Jim Collins

Jim Collins is an American researcher, author, and teacher who has spent more than three decades studying what makes organizations excellent, enduring, and capable of transcending mediocrity. He is best known for Good to Great (2001), one of the bestselling and most widely cited business books ever published, and for co-authoring Built to Last (1994, with Jerry Porras). He operates his own management research laboratory in Boulder, Colorado, conducting longitudinal research on organizational performance.

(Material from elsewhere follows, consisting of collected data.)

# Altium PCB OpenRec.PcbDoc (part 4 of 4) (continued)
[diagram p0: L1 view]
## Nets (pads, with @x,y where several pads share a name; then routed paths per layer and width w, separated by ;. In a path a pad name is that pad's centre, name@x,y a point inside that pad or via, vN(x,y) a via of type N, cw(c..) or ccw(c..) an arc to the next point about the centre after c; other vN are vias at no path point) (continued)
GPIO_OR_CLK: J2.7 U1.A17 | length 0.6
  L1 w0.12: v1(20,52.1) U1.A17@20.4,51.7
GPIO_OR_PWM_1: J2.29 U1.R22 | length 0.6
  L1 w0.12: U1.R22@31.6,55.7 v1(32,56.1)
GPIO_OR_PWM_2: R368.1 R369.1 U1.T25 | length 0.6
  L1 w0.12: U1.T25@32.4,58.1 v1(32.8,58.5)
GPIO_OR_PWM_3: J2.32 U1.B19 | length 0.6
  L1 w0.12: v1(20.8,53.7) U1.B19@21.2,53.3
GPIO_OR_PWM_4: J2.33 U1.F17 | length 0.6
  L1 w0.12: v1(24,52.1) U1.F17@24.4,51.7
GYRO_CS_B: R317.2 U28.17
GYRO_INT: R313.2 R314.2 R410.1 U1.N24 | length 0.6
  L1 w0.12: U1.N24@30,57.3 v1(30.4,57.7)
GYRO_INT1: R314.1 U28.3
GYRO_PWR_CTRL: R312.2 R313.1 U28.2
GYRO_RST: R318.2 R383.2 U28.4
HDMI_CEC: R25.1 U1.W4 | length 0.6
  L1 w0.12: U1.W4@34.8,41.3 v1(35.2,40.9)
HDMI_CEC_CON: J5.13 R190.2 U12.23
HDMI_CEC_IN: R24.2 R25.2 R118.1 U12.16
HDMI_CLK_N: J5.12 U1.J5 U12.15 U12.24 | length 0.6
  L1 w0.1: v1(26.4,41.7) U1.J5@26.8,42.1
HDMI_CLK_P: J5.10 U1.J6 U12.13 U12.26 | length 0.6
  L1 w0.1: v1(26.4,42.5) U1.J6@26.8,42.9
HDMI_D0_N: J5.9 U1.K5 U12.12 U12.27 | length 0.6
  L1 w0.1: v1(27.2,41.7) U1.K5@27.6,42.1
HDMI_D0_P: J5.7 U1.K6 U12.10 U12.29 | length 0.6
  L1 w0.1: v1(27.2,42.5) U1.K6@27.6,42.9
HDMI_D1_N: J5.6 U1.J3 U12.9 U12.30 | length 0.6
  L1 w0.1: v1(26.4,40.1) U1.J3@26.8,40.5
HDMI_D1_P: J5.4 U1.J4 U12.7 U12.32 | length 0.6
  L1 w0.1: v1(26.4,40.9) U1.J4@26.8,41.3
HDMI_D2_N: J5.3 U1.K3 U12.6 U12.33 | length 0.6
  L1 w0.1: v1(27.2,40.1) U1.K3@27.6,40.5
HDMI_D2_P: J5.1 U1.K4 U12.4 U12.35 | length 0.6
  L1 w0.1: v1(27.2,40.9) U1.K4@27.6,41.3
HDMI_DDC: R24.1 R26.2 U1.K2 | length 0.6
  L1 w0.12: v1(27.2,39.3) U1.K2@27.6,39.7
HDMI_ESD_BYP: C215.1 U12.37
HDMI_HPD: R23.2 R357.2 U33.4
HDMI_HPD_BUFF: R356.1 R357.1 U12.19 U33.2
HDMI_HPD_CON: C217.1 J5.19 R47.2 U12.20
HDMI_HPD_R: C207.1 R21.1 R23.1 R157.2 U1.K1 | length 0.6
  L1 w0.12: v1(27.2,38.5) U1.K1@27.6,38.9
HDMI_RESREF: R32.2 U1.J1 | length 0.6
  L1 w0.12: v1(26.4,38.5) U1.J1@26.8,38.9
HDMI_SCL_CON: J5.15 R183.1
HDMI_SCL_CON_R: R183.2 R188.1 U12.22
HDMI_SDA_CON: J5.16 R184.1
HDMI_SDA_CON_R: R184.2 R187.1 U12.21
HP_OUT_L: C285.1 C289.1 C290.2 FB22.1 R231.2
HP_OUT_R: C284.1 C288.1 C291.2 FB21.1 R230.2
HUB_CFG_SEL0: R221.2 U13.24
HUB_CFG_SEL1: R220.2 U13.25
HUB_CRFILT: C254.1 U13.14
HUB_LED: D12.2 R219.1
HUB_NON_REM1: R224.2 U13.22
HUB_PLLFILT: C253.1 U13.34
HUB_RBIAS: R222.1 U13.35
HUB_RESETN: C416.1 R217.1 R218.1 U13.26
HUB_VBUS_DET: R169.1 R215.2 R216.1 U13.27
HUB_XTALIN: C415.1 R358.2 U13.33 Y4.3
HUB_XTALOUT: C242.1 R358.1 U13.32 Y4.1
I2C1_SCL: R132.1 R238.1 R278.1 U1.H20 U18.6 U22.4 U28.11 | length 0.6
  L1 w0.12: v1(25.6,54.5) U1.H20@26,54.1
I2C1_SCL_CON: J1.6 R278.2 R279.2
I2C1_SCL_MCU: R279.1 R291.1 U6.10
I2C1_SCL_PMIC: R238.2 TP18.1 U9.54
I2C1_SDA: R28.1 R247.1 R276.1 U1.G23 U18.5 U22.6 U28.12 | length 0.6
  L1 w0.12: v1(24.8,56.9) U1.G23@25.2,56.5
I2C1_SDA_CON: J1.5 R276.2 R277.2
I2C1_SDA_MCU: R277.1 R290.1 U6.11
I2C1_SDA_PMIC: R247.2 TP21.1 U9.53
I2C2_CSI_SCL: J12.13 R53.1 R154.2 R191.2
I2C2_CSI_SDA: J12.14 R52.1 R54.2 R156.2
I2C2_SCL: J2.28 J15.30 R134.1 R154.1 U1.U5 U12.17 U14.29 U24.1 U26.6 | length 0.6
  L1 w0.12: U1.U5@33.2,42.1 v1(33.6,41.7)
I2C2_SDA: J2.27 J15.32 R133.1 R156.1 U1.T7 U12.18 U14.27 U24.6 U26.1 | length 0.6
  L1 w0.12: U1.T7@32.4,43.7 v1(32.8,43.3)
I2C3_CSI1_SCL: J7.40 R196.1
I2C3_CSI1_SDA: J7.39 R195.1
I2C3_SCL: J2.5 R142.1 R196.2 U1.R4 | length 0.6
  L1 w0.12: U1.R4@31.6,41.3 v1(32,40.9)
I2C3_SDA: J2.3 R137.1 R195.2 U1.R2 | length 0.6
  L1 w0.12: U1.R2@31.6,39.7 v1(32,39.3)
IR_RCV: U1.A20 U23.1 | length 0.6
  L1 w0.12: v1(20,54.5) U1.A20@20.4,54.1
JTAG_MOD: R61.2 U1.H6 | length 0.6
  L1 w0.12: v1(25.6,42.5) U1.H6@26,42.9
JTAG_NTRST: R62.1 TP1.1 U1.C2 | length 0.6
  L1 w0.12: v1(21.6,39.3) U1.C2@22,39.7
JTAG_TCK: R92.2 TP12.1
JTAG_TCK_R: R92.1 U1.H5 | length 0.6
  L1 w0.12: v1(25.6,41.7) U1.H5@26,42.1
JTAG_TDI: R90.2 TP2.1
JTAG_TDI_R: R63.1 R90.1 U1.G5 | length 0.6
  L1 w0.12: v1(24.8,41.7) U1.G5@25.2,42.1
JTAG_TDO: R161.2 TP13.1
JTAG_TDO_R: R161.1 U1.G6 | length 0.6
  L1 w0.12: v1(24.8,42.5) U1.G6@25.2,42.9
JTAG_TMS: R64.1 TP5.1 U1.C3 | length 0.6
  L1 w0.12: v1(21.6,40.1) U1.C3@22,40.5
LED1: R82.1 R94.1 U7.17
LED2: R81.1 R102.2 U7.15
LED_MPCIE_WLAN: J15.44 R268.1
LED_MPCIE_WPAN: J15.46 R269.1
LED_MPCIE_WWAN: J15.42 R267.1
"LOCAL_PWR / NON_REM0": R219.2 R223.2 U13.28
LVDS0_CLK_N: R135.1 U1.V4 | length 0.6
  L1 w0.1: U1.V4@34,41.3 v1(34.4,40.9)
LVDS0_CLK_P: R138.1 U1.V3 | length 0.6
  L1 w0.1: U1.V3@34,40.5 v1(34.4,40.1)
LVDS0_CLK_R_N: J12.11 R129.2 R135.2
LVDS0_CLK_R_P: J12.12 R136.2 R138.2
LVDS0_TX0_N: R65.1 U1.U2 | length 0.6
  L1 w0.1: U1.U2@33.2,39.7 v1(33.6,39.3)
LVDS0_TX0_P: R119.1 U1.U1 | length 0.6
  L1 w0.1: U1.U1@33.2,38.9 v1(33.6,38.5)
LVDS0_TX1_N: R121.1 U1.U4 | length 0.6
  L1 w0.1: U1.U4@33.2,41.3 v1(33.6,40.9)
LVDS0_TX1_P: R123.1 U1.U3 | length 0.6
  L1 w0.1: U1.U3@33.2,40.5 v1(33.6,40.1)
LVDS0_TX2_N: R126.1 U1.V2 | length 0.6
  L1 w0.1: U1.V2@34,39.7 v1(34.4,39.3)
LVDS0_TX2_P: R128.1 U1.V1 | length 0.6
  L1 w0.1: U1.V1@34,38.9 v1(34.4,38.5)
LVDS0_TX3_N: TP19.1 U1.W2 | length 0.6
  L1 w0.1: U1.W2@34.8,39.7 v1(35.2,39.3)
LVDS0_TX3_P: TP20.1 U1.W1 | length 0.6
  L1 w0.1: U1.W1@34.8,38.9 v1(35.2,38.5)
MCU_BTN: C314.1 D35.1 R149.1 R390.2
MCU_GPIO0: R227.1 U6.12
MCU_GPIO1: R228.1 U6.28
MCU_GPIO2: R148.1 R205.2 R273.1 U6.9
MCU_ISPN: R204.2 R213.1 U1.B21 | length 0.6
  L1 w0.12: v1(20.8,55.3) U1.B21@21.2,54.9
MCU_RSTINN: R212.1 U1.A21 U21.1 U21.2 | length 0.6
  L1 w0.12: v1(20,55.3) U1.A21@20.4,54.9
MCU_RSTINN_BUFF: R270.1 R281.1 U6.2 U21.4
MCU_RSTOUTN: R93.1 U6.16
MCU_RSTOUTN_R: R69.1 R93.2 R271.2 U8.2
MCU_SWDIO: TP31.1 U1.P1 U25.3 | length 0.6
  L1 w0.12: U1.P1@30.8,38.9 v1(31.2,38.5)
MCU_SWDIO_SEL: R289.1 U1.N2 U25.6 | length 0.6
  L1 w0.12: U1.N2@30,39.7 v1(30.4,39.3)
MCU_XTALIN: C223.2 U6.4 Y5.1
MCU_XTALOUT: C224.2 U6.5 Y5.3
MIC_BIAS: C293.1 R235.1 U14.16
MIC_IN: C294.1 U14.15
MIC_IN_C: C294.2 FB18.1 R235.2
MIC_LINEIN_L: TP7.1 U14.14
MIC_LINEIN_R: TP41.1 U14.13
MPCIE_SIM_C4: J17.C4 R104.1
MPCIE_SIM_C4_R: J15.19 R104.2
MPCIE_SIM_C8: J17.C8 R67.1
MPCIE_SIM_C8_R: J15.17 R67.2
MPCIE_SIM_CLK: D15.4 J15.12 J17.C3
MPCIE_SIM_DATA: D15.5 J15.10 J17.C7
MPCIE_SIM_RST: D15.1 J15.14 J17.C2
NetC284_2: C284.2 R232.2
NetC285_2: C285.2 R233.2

Collins’ approach to business research is unusual in the field: he studies companies across extended time periods, uses matched comparison groups (organizations that did not make the same leaps as his subject companies), and resists the consulting industry’s tendency to build frameworks from single cases or popular narratives. His methodology is closer to social science research than to typical business book authorship.

Core Research Methodology

The Good to Great study examined 1,435 Fortune 500 companies over 40 years, identifying 11 that had made a sustained transition from mediocre or good performance to genuinely great results (defined as a 3x better return than the general stock market over 15 years). Collins and his research team then asked: what specifically did these 11 companies do that their direct comparison companies (of similar size, industry, and resources) did not?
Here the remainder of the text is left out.